United in the suffering of their people, five Catholic and Orthodox patriarchs from the Middle East urged Westerners to take action to help ensure that Christians and other minorities can remain in the Middle East.
"Christians are not (just) looking for humanitarian aid. They are looking for humanitarian action, to save Christianity in the Middle East," said Catholicos Aram of Cilicia, patriarch of the Armenian Apostolic Church.
The Armenian patriarch said a comprehensive strategy is needed to defeat the Islamic State extremism that "threatens the very survival of Christianity" in places like Iraq and Syria. He said it was essential to promote human rights, pluralism and religious freedom.
The Sept. 11 panel was part of the Sept. 9-11 inaugural summit, In Defense of Christians, a new Washington-based group formed to promote awareness of the plight of Christians in the Middle East, and to advocate on their behalf to U.S. policymakers.
In a keynote address earlier that morning, Syriac Orthodox Patriarch Ignatius Aphrem II of Antioch spoke of meeting a Syrian Christian father whose wife and two children had been murdered and whose bodies were thrown down a well. The patriarch also described meeting a Christian boy among 50 families who had fled for their lives and taken refuge in a small, crowded church hall in the Kurdish region of Iraq. The boy opened his arms, saying, "We have no place!" Others were sleeping in tents, on the street or in parks, the patriarch said.
"Is there no place for Christians in the land of their ancestors?" asked Patriarch Aphrem, who noted that he and other religious leaders have written to the United Nations and the European Union seeking help.
During the panel discussion, Lebanese Cardinal Bechara Rai, Maronite patriarch, encouraged the international community to take steps to support development projects to help ensure Christians' ongoing presence in the cradle of Christianity.
"The future is in the hands of those who sow seeds of hope in the hearts of young people and future generations," he said.
Syriac Catholic Patriarch Ignace Joseph III Younan called on Muslim leaders to issue a statement "to condemn the atrocities committed against Christians and other minorities" in the Middle East. He also called on "the family of nations" to support religious freedom and the separation of church and state in the region.
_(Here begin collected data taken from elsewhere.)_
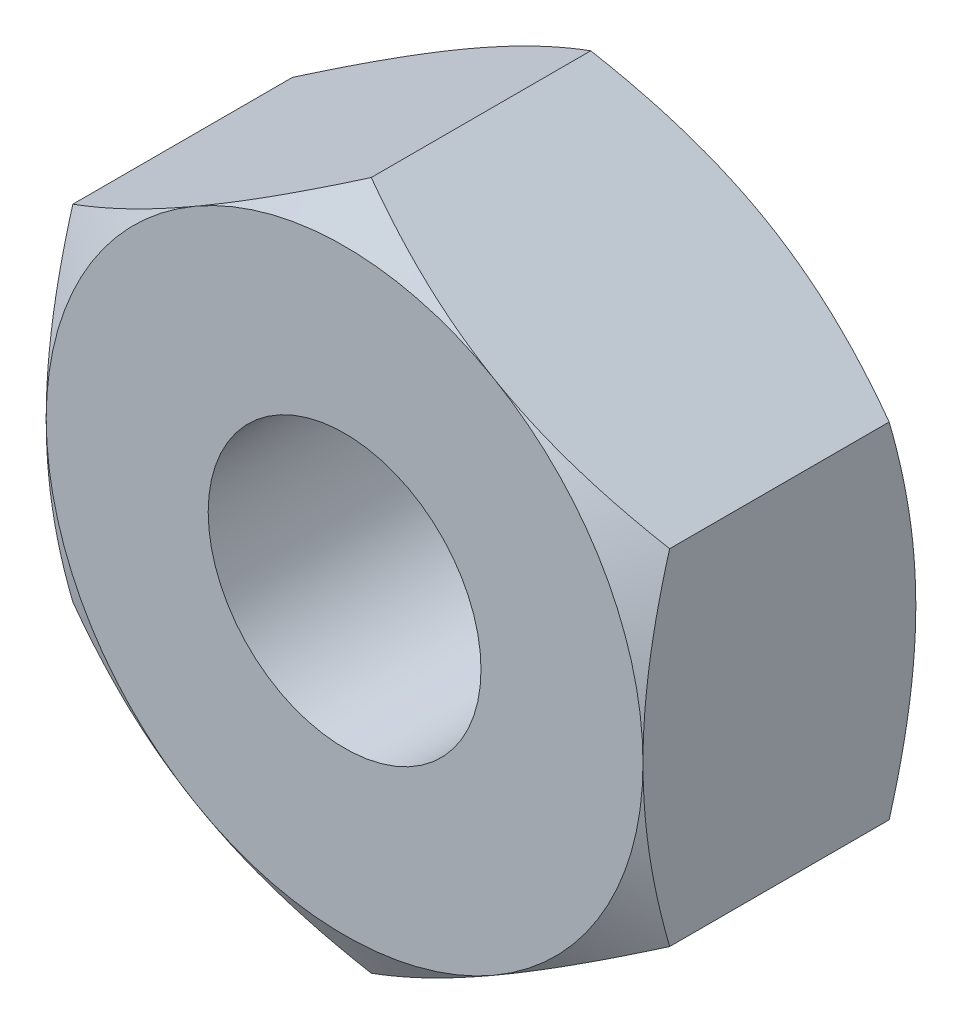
ISO-10303-21;
HEADER;
FILE_DESCRIPTION(('STEP AP214'),'2;1');
FILE_NAME('part.step','',(''),(''),'','','');
FILE_SCHEMA(('AUTOMOTIVE_DESIGN { 1 0 10303 214 1 1 1 1 }'));
ENDSEC;
DATA;
#1=APPLICATION_CONTEXT('core data for automotive mechanical design processes');
#2=APPLICATION_PROTOCOL_DEFINITION('international standard','automotive_design',2000,#1);
#3=PRODUCT_CONTEXT('',#1,'mechanical');
#4=PRODUCT('Part','Part','',(#3));
#5=PRODUCT_RELATED_PRODUCT_CATEGORY('part','',(#4));
#6=PRODUCT_DEFINITION_FORMATION('','',#4);
#7=PRODUCT_DEFINITION_CONTEXT('part definition',#1,'design');
#8=PRODUCT_DEFINITION('design','',#6,#7);
#9=PRODUCT_DEFINITION_SHAPE('','',#8);
#10=(LENGTH_UNIT() NAMED_UNIT(*) SI_UNIT(.MILLI.,.METRE.));
#11=(NAMED_UNIT(*) PLANE_ANGLE_UNIT() SI_UNIT($,.RADIAN.));
#12=(NAMED_UNIT(*) SI_UNIT($,.STERADIAN.) SOLID_ANGLE_UNIT());
#13=UNCERTAINTY_MEASURE_WITH_UNIT(LENGTH_MEASURE(1.E-05),#10,'distance_accuracy_value','');
#14=(GEOMETRIC_REPRESENTATION_CONTEXT(3) GLOBAL_UNCERTAINTY_ASSIGNED_CONTEXT((#13)) GLOBAL_UNIT_ASSIGNED_CONTEXT((#10,
#11,#12)) REPRESENTATION_CONTEXT('',''));
#15=CARTESIAN_POINT('',(0.,0.,0.));
#16=DIRECTION('',(0.,0.,1.));
#17=DIRECTION('',(1.,0.,0.));
#18=AXIS2_PLACEMENT_3D('',#15,#16,#17);
#19=CARTESIAN_POINT('',(-3.5,6.06217782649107,0.));
#20=DIRECTION('',(0.,0.,-1.));
#21=DIRECTION('',(-1.,0.,0.));
#22=AXIS2_PLACEMENT_3D('',#19,#20,#21);
#23=PLANE('',#22);
#24=CARTESIAN_POINT('',(0.,0.,0.));
#25=DIRECTION('',(0.,0.,1.));
#26=DIRECTION('',(1.,0.,0.));
#27=AXIS2_PLACEMENT_3D('',#24,#25,#26);
#28=CIRCLE('',#27,1.6);
#29=CARTESIAN_POINT('',(1.6,0.,0.));
#30=VERTEX_POINT('',#29);
#31=EDGE_CURVE('E315',#30,#30,#28,.T.);
#32=ORIENTED_EDGE('',*,*,#31,.F.);
#33=EDGE_LOOP('',(#32));
#34=FACE_BOUND('',#33,.T.);
#35=CARTESIAN_POINT('',(0.,0.,0.));
#36=DIRECTION('',(0.,0.,-1.));
#37=DIRECTION('',(-1.,0.,0.));
#38=AXIS2_PLACEMENT_3D('',#35,#36,#37);
#39=CIRCLE('',#38,3.5);
#40=CARTESIAN_POINT('',(-3.5,0.,0.));
#41=VERTEX_POINT('',#40);
#42=CARTESIAN_POINT('',(-1.75,3.03108891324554,0.));
#43=VERTEX_POINT('',#42);
#44=EDGE_CURVE('E323',#41,#43,#39,.T.);
#45=ORIENTED_EDGE('',*,*,#44,.F.);
#46=CARTESIAN_POINT('',(0.,0.,0.));
#47=DIRECTION('',(0.,0.,-1.));
#48=DIRECTION('',(-1.,0.,0.));
#49=AXIS2_PLACEMENT_3D('',#46,#47,#48);
#50=CIRCLE('',#49,3.5);
#51=CARTESIAN_POINT('',(-1.75,-3.03108891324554,0.));
#52=VERTEX_POINT('',#51);
#53=EDGE_CURVE('E145',#41,#52,#50,.F.);
#54=ORIENTED_EDGE('',*,*,#53,.T.);
#55=CARTESIAN_POINT('',(1.75,-3.03108891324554,0.));
#56=VERTEX_POINT('',#55);
#57=EDGE_CURVE('E247',#52,#56,#50,.F.);
#58=ORIENTED_EDGE('',*,*,#57,.T.);
#59=CARTESIAN_POINT('',(3.5,0.,0.));
#60=VERTEX_POINT('',#59);
#61=EDGE_CURVE('E148',#56,#60,#50,.F.);
#62=ORIENTED_EDGE('',*,*,#61,.T.);
#63=CARTESIAN_POINT('',(1.75,3.03108891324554,0.));
#64=VERTEX_POINT('',#63);
#65=EDGE_CURVE('E123',#60,#64,#50,.F.);
#66=ORIENTED_EDGE('',*,*,#65,.T.);
#67=EDGE_CURVE('E136',#64,#43,#50,.F.);
#68=ORIENTED_EDGE('',*,*,#67,.T.);
#69=EDGE_LOOP('',(#45,#54,#58,#62,#66,#68));
#70=FACE_BOUND('',#69,.T.);
#71=ADVANCED_FACE('F28',(#34,#70),#23,.F.);
#72=CARTESIAN_POINT('',(0.,0.,0.));
#73=DIRECTION('',(0.,0.,-1.));
#74=DIRECTION('',(-1.,0.,0.));
#75=AXIS2_PLACEMENT_3D('',#72,#73,#74);
#76=CONICAL_SURFACE('',#75,3.5,1.0471975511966);
#77=CARTESIAN_POINT('',(-3.5,-5.53989236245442,-1.76258862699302));
#78=CARTESIAN_POINT('',(-3.5,-5.3860532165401,-1.68751948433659));
#79=CARTESIAN_POINT('',(-3.5,-5.23187272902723,-1.61313843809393));
#80=CARTESIAN_POINT('',(-3.5,-4.92264796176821,-1.46613741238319));
#81=CARTESIAN_POINT('',(-3.5,-4.76760355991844,-1.39351769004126));
#82=CARTESIAN_POINT('',(-3.5,-4.45572331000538,-1.25008237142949));
#83=CARTESIAN_POINT('',(-3.5,-4.29888236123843,-1.17927782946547));
#84=CARTESIAN_POINT('',(-3.5,-3.9839916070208,-1.04042037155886));
#85=CARTESIAN_POINT('',(-3.5,-3.82594185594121,-0.972367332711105));
#86=CARTESIAN_POINT('',(-3.5,-3.50286160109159,-0.837429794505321));
#87=CARTESIAN_POINT('',(-3.5,-3.33777947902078,-0.770668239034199));
#88=CARTESIAN_POINT('',(-3.5,-3.00572557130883,-0.641932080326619));
#89=CARTESIAN_POINT('',(-3.5,-2.83875358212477,-0.579957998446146));
#90=CARTESIAN_POINT('',(-3.5,-2.50293236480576,-0.462342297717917));
#91=CARTESIAN_POINT('',(-3.5,-2.33408734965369,-0.40668876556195));
#92=CARTESIAN_POINT('',(-3.5,-1.99397751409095,-0.303425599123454));
#93=CARTESIAN_POINT('',(-3.5,-1.82271343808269,-0.255813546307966));
#94=CARTESIAN_POINT('',(-3.5,-1.4786457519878,-0.171103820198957));
#95=CARTESIAN_POINT('',(-3.5,-1.30585748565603,-0.133944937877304));
#96=CARTESIAN_POINT('',(-3.5,-0.958019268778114,-0.0721569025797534));
#97=CARTESIAN_POINT('',(-3.5,-0.782969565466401,-0.04752639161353));
#98=CARTESIAN_POINT('',(-3.5,-0.433812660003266,-0.0130761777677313));
#99=CARTESIAN_POINT('',(-3.5,-0.259725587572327,-0.00305750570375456));
#100=CARTESIAN_POINT('',(-3.5,0.0886801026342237,0.00185116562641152));
#101=CARTESIAN_POINT('',(-3.5,0.262998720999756,-0.00325887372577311));
#102=CARTESIAN_POINT('',(-3.5,0.555719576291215,-0.0241715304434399));
#103=CARTESIAN_POINT('',(-3.5,0.674418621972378,-0.0360937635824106));
#104=CARTESIAN_POINT('',(-3.5,0.911014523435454,-0.0662689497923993));
#105=CARTESIAN_POINT('',(-3.5,1.02891127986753,-0.0845226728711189));
#106=CARTESIAN_POINT('',(-3.5,1.38120423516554,-0.147828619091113));
#107=CARTESIAN_POINT('',(-3.5,1.6140874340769,-0.201416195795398));
#108=CARTESIAN_POINT('',(-3.5,1.96246692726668,-0.295188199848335));
#109=CARTESIAN_POINT('',(-3.5,2.07974536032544,-0.329136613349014));
#110=CARTESIAN_POINT('',(-3.5,2.31316562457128,-0.400772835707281));
#111=CARTESIAN_POINT('',(-3.5,2.42930744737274,-0.438460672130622));
#112=CARTESIAN_POINT('',(-3.5,2.66048730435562,-0.516953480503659));
#113=CARTESIAN_POINT('',(-3.5,2.77552563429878,-0.557757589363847));
#114=CARTESIAN_POINT('',(-3.5,3.00463505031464,-0.641981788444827));
#115=CARTESIAN_POINT('',(-3.5,3.11870615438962,-0.685401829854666));
#116=CARTESIAN_POINT('',(-3.5,3.41088605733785,-0.799847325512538));
#117=CARTESIAN_POINT('',(-3.5,3.58836543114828,-0.872477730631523));
#118=CARTESIAN_POINT('',(-3.5,3.9415935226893,-1.02184558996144));
#119=CARTESIAN_POINT('',(-3.5,4.11734207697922,-1.09858342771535));
#120=CARTESIAN_POINT('',(-3.5,4.46747042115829,-1.25524955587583));
#121=CARTESIAN_POINT('',(-3.5,4.64184978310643,-1.33517879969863));
#122=CARTESIAN_POINT('',(-3.5,4.98945002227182,-1.49752225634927));
#123=CARTESIAN_POINT('',(-3.5,5.16267086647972,-1.57993653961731));
#124=CARTESIAN_POINT('',(-3.5,5.68141043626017,-1.83034120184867));
#125=CARTESIAN_POINT('',(-3.5,6.02551030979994,-2.00126768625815));
#126=CARTESIAN_POINT('',(-3.5,6.71106540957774,-2.34815565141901));
#127=CARTESIAN_POINT('',(-3.5,7.05252109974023,-2.52411622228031));
#128=CARTESIAN_POINT('',(-3.5,7.70032644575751,-2.86216222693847));
#129=CARTESIAN_POINT('',(-3.5,8.00684578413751,-3.02392309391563));
#130=CARTESIAN_POINT('',(-3.5,8.61878605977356,-3.34954435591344));
#131=CARTESIAN_POINT('',(-3.5,8.92420693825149,-3.51340486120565));
#132=CARTESIAN_POINT('',(-3.5,9.53323628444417,-3.84217810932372));
#133=CARTESIAN_POINT('',(-3.5,9.836847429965,-4.00708589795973));
#134=CARTESIAN_POINT('',(-3.5,10.4433788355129,-4.33811602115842));
#135=CARTESIAN_POINT('',(-3.5,10.746299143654,-4.50423826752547));
#136=CARTESIAN_POINT('',(-3.5,11.0489725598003,-4.67080588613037));
#137=B_SPLINE_CURVE_WITH_KNOTS('',3,(#77,#78,#79,#80,#81,#82,#83,#84,#85,#86,#87,#88,#89,#90,
#91,#92,#93,#94,#95,#96,#97,#98,#99,#100,#101,#102,#103,#104,#105,#106,#107,#108,#109,#110,#111,
#112,#113,#114,#115,#116,#117,#118,#119,#120,#121,#122,#123,#124,#125,#126,#127,#128,#129,#130,
#131,#132,#133,#134,#135,#136),.UNSPECIFIED.,.F.,.F.,(4,2,2,2,2,2,2,2,2,2,2,2,2,2,2,2,2,2,2,2,2,
2,2,2,2,2,2,2,2,4),(0.,0.513539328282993,1.02715317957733,1.5433792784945,2.0595822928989,
2.59373725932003,3.12795031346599,3.6611391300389,4.19416729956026,4.72400604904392,
5.25378735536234,5.77628502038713,6.29878401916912,6.65650136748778,7.0142622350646,
7.73013057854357,8.09637575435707,8.46262363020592,8.82877043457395,9.19491040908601,
9.77013340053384,10.3454101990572,10.9208601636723,11.4963264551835,12.6488931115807,
13.8012527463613,14.840994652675,15.8807913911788,16.9173059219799,17.9537459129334),.UNSPECIFIED.);
#138=CARTESIAN_POINT('',(-3.5,2.0207259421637,-0.312607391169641));
#139=VERTEX_POINT('',#138);
#140=EDGE_CURVE('E153',#139,#41,#137,.F.);
#141=ORIENTED_EDGE('',*,*,#140,.T.);
#142=ORIENTED_EDGE('',*,*,#44,.T.);
#143=CARTESIAN_POINT('',(0.0002,4.04156735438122,-0.312674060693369));
#144=CARTESIAN_POINT('',(-0.153607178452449,3.9527667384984,-0.261385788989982));
#145=CARTESIAN_POINT('',(-0.308742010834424,3.86319960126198,-0.214740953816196));
#146=CARTESIAN_POINT('',(-0.621698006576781,3.68251437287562,-0.133321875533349));
#147=CARTESIAN_POINT('',(-0.779524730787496,3.59139307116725,-0.0985764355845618));
#148=CARTESIAN_POINT('',(-1.09322221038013,3.41027974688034,-0.0444900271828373));
#149=CARTESIAN_POINT('',(-1.24904469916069,3.32031559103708,-0.0247890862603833));
#150=CARTESIAN_POINT('',(-1.56142288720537,3.13996396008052,-0.0012701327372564));
#151=CARTESIAN_POINT('',(-1.71797745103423,3.04957714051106,0.00256735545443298));
#152=CARTESIAN_POINT('',(-2.01050921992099,2.88068384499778,-0.00541530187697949));
#153=CARTESIAN_POINT('',(-2.14653021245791,2.80215208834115,-0.0152754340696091));
#154=CARTESIAN_POINT('',(-2.41768602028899,2.64560020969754,-0.0465264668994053));
#155=CARTESIAN_POINT('',(-2.55281989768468,2.5675806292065,-0.0679280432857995));
#156=CARTESIAN_POINT('',(-2.82453479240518,2.41070596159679,-0.121430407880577));
#157=CARTESIAN_POINT('',(-2.96108141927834,2.33187072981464,-0.153757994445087));
#158=CARTESIAN_POINT('',(-3.2321380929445,2.17537608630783,-0.227128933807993));
#159=CARTESIAN_POINT('',(-3.36665161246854,2.09771466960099,-0.268155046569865));
#160=CARTESIAN_POINT('',(-3.5002,2.02061047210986,-0.312674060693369));
#161=B_SPLINE_CURVE_WITH_KNOTS('',3,(#143,#144,#145,#146,#147,#148,#149,#150,#151,#152,#153,
#154,#155,#156,#157,#158,#159,#160),.UNSPECIFIED.,.F.,.F.,(4,2,2,2,2,2,2,2,4),(0.,
0.554793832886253,1.11092123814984,1.65328467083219,2.19498204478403,2.6666513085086,
3.13875761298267,3.62133612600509,4.10296698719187),.UNSPECIFIED.);
#162=EDGE_CURVE('E185',#43,#139,#161,.T.);
#163=ORIENTED_EDGE('',*,*,#162,.T.);
#164=EDGE_LOOP('',(#141,#142,#163));
#165=FACE_BOUND('',#164,.T.);
#166=ADVANCED_FACE('F172',(#165),#76,.T.);
#167=CARTESIAN_POINT('',(3.5002,2.02061047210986,-0.312674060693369));
#168=CARTESIAN_POINT('',(3.34639282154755,2.10941108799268,-0.261385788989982));
#169=CARTESIAN_POINT('',(3.19125798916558,2.1989782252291,-0.214740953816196));
#170=CARTESIAN_POINT('',(2.87830199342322,2.37966345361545,-0.133321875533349));
#171=CARTESIAN_POINT('',(2.7204752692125,2.47078475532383,-0.0985764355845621));
#172=CARTESIAN_POINT('',(2.40677778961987,2.65189807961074,-0.0444900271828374));
#173=CARTESIAN_POINT('',(2.25095530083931,2.741862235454,-0.0247890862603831));
#174=CARTESIAN_POINT('',(1.93857711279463,2.92221386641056,-0.00127013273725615));
#175=CARTESIAN_POINT('',(1.78202254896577,3.01260068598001,0.00256735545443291));
#176=CARTESIAN_POINT('',(1.48949078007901,3.1814939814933,-0.00541530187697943));
#177=CARTESIAN_POINT('',(1.35346978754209,3.26002573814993,-0.0152754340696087));
#178=CARTESIAN_POINT('',(1.08231397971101,3.41657761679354,-0.0465264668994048));
#179=CARTESIAN_POINT('',(0.947180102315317,3.49459719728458,-0.0679280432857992));
#180=CARTESIAN_POINT('',(0.675465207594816,3.65147186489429,-0.121430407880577));
#181=CARTESIAN_POINT('',(0.538918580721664,3.73030709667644,-0.153757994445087));
#182=CARTESIAN_POINT('',(0.267861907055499,3.88680174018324,-0.227128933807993));
#183=CARTESIAN_POINT('',(0.133348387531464,3.96446315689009,-0.268155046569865));
#184=CARTESIAN_POINT('',(-0.000200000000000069,4.04156735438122,-0.312674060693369));
#185=B_SPLINE_CURVE_WITH_KNOTS('',3,(#167,#168,#169,#170,#171,#172,#173,#174,#175,#176,#177,
#178,#179,#180,#181,#182,#183,#184),.UNSPECIFIED.,.F.,.F.,(4,2,2,2,2,2,2,2,4),(0.,
0.554793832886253,1.11092123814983,1.65328467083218,2.19498204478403,2.6666513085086,
3.13875761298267,3.62133612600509,4.10296698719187),.UNSPECIFIED.);
#186=CARTESIAN_POINT('',(0.,4.04145188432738,-0.312607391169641));
#187=VERTEX_POINT('',#186);
#188=EDGE_CURVE('E132',#64,#187,#185,.T.);
#189=ORIENTED_EDGE('',*,*,#188,.T.);
#190=EDGE_CURVE('E139',#187,#43,#161,.T.);
#191=ORIENTED_EDGE('',*,*,#190,.T.);
#192=ORIENTED_EDGE('',*,*,#67,.F.);
#193=EDGE_LOOP('',(#189,#191,#192));
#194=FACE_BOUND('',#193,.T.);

Earlier that morning, Patriarch Younan called for the international community to help find a solution that would allow thousands of Christian refugees to return to their homes in northern Iraq and Syria.
"We have the right to live in our own land, the land of our ancestors for millennia. ... Our forefathers endured persecution and even martyrdom because they were faithful to the Lord Jesus," he said. "We keep hope in the Lord, who repeated many times in the Bible, 'Don't be afraid.'"
During the patriarchs' panel, Melkite Catholic Patriarch Gregorios III Laham urged that a peaceful solution be found.
"We call on America to be peacemakers, not war-makers," he said.
"It's time for the world to realize that no one wins a war," he added.
During opening remarks that morning, Bishop Angaelos, general bishop of the Coptic Orthodox Church of Alexandria, decried the "persecution, genocide, religious and ethnic cleansing we're seeing today" in the Middle East, but he said that the worst outcome would be for Christians to respond with hate. Rather, Christians are called to reflect Christ's love and light amid that darkness, and to remain a reconciling presence in the region as they have for 2,000 years, he said.
The Coptic bishop praised the summit gathering, saying: "We are not only in defense of Christians. We are in defense of Muslims. We are in defense of Jews. We are in defense of those who have no faith, of everyone. That is the message of this summit."
Also during opening remarks, Antiochian Orthodox Metropolitan Joseph of New York and All North America told a crowd of mainly Middle East Christians in the diaspora, "What began as an Arab Spring has become a harsh winter of violence and extremism."
He noted that Christians in the region have lived there "since the very first proclamation of the Gospel by the apostles almost 2,000 years ago." Christians, who early in the 20th century constituted about 20 percent of the population of the Middle East, are now only 5 percent of its people. Instead of the world facilitating a Christian exodus or exile from the region, the Christians there "wish to keep their homes and lands, and to be apostles of peace," the Orthodox archbishop said.
He urged decision-makers to seek a peaceful resolution to the crisis there.
"Stop the violence. Don't destroy. Rebuild those beautiful countries. May God help us be peacemakers," he said.